How "forgiveness" stopped being the "f" word., March 8, 2006
EVERYONE has forgiveness issues. Many have abuse issues, and EVERYONE should be concerned. Therefore, EVERYONE should read Lois Einhorn's fascinating book in which she asks: "What would YOU do? You are a child in a family that sadistically abuses. You are forced to torture and destroy. What should you do NOW as an adult? Do you forgive your parents? HOW do you forgive yourself?" She elicits a rainbow of opinions and points of view by fifty-three, very varied people, many very eminent. Contributors include: Arun Gandhi (Mahatma Gandhi's grandson, who wrote the forward), Edward Asner, Bernie Siegel, Patch Adams, Laura Davis, Pete Seeger, Mumia Abu-Jamal, Rubin "Hurricane" Carter, Linda Hogan, Daniel Quinn, Gerry Spence, and two men on death row. I was astounded that there were so many different takes on "forgiveness". This book is both deeply moving and extraordinarily thought provoking. It explores such questions as: At what age, and under what circumstances, is a child responsible for his/her behavior? Are we responsible for what we do when being tortured? Einhorn's upbeat afterword is a perfect finishing touch!

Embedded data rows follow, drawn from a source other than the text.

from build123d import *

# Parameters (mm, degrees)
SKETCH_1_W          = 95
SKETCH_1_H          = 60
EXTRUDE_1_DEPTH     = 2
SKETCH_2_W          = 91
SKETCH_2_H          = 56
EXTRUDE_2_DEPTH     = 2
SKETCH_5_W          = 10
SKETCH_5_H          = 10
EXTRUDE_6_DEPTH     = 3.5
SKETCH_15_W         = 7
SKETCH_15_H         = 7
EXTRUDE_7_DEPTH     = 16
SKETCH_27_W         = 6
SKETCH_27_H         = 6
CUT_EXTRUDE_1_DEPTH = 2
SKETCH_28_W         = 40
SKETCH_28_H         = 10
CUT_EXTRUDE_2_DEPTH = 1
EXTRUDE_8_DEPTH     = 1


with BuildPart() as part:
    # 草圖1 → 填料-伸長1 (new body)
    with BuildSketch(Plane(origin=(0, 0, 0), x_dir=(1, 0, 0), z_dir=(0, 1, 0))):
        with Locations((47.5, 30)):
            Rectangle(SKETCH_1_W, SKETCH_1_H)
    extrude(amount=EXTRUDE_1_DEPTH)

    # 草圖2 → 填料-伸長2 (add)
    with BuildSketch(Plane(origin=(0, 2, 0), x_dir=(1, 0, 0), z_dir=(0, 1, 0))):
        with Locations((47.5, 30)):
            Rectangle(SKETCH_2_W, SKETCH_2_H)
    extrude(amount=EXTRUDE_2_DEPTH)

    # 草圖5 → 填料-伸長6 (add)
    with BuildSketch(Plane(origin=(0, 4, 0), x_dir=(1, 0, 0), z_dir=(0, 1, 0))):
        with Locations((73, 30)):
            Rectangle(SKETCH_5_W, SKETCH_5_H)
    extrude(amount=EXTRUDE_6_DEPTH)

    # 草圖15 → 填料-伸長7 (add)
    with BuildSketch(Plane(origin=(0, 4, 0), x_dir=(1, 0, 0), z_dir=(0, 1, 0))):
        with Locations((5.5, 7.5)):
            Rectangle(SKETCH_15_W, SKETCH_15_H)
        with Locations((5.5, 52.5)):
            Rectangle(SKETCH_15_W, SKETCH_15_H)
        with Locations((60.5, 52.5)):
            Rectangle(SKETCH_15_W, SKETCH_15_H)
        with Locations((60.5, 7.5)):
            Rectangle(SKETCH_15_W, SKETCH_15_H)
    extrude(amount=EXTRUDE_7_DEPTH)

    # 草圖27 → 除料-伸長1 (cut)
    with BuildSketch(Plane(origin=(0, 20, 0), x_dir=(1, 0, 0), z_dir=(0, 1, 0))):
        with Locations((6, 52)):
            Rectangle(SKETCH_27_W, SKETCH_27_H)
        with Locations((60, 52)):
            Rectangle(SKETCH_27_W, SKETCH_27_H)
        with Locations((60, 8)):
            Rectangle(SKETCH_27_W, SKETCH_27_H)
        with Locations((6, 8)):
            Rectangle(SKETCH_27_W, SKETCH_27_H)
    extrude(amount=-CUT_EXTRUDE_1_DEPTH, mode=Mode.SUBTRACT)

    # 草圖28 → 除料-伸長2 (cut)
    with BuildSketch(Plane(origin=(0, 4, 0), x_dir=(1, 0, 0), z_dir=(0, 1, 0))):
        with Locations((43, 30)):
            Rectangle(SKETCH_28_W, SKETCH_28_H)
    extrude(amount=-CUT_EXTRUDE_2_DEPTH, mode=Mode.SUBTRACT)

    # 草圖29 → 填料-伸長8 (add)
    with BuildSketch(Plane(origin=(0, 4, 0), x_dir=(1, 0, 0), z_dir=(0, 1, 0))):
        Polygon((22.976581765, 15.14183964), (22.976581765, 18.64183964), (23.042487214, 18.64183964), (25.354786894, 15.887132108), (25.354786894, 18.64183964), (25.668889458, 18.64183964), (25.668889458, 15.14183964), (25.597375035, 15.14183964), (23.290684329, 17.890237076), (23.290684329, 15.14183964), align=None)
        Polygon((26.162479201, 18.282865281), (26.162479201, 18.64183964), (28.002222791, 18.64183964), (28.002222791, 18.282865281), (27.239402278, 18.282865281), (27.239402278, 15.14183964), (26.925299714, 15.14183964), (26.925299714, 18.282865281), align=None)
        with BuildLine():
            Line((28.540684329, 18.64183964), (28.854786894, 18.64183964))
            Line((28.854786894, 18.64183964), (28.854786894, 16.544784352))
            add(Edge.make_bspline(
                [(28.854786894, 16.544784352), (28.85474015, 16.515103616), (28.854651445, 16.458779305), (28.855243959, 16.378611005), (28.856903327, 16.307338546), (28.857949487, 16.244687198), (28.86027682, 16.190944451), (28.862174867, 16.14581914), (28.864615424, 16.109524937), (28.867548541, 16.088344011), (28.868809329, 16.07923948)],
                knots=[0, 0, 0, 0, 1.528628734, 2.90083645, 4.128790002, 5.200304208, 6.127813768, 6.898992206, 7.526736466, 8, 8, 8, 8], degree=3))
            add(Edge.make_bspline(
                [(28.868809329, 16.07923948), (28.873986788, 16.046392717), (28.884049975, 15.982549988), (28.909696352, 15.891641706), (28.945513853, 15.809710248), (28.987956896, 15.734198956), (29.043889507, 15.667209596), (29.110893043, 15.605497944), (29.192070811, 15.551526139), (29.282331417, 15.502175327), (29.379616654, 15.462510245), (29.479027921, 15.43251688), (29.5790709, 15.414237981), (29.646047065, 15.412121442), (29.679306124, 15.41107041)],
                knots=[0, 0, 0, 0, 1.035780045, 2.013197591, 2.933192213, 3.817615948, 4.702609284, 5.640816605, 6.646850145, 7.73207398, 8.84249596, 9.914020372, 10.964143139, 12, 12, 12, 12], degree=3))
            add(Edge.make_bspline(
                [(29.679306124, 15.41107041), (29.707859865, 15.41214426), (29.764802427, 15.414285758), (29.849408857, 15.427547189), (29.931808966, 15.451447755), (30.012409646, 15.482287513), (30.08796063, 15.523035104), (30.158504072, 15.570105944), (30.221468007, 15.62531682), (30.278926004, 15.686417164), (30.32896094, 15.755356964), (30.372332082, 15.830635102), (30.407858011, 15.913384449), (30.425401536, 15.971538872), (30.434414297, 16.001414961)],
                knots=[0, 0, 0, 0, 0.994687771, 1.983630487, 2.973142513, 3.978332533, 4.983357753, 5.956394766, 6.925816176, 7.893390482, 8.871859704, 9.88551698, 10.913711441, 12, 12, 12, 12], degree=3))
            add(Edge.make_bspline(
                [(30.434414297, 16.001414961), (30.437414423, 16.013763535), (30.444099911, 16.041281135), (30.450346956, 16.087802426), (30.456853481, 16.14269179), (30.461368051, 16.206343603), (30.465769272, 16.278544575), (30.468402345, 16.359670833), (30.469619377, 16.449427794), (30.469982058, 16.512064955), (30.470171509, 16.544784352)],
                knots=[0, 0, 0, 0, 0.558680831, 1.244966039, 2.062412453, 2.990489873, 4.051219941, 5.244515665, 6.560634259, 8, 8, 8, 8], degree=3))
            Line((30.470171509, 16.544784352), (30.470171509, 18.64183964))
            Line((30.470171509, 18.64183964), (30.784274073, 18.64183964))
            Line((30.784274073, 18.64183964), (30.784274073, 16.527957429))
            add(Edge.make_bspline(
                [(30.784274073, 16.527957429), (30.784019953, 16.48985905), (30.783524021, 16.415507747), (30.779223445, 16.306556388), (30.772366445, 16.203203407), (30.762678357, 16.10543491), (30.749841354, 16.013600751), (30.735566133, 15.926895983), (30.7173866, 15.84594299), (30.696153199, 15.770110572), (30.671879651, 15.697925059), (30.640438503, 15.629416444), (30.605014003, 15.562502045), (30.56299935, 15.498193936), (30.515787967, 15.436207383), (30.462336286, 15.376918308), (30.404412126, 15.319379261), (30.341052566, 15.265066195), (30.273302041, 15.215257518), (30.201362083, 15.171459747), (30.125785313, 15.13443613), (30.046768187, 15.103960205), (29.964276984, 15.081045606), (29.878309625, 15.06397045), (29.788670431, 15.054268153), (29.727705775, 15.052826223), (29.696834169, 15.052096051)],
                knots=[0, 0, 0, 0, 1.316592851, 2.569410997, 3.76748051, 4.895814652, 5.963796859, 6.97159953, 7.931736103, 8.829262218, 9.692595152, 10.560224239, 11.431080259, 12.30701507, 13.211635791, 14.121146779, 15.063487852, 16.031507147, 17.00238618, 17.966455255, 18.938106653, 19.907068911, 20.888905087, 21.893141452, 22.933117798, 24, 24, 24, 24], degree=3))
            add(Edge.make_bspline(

Hard cover $22.95, plus $3.50 shipping and handling.
About the Author:
Dr. Lois Einhorn is in her 27th year as Professor of Communication at the State University of New York's University Center at Binghamton. Highly accomplished, she is widely published as the author of four previous books and many articles; has had a long list of honors, awards and grants bestowed upon her including five major teaching awards (often the youngest then and since to receive these honors), and has been active in university, professional, and community service.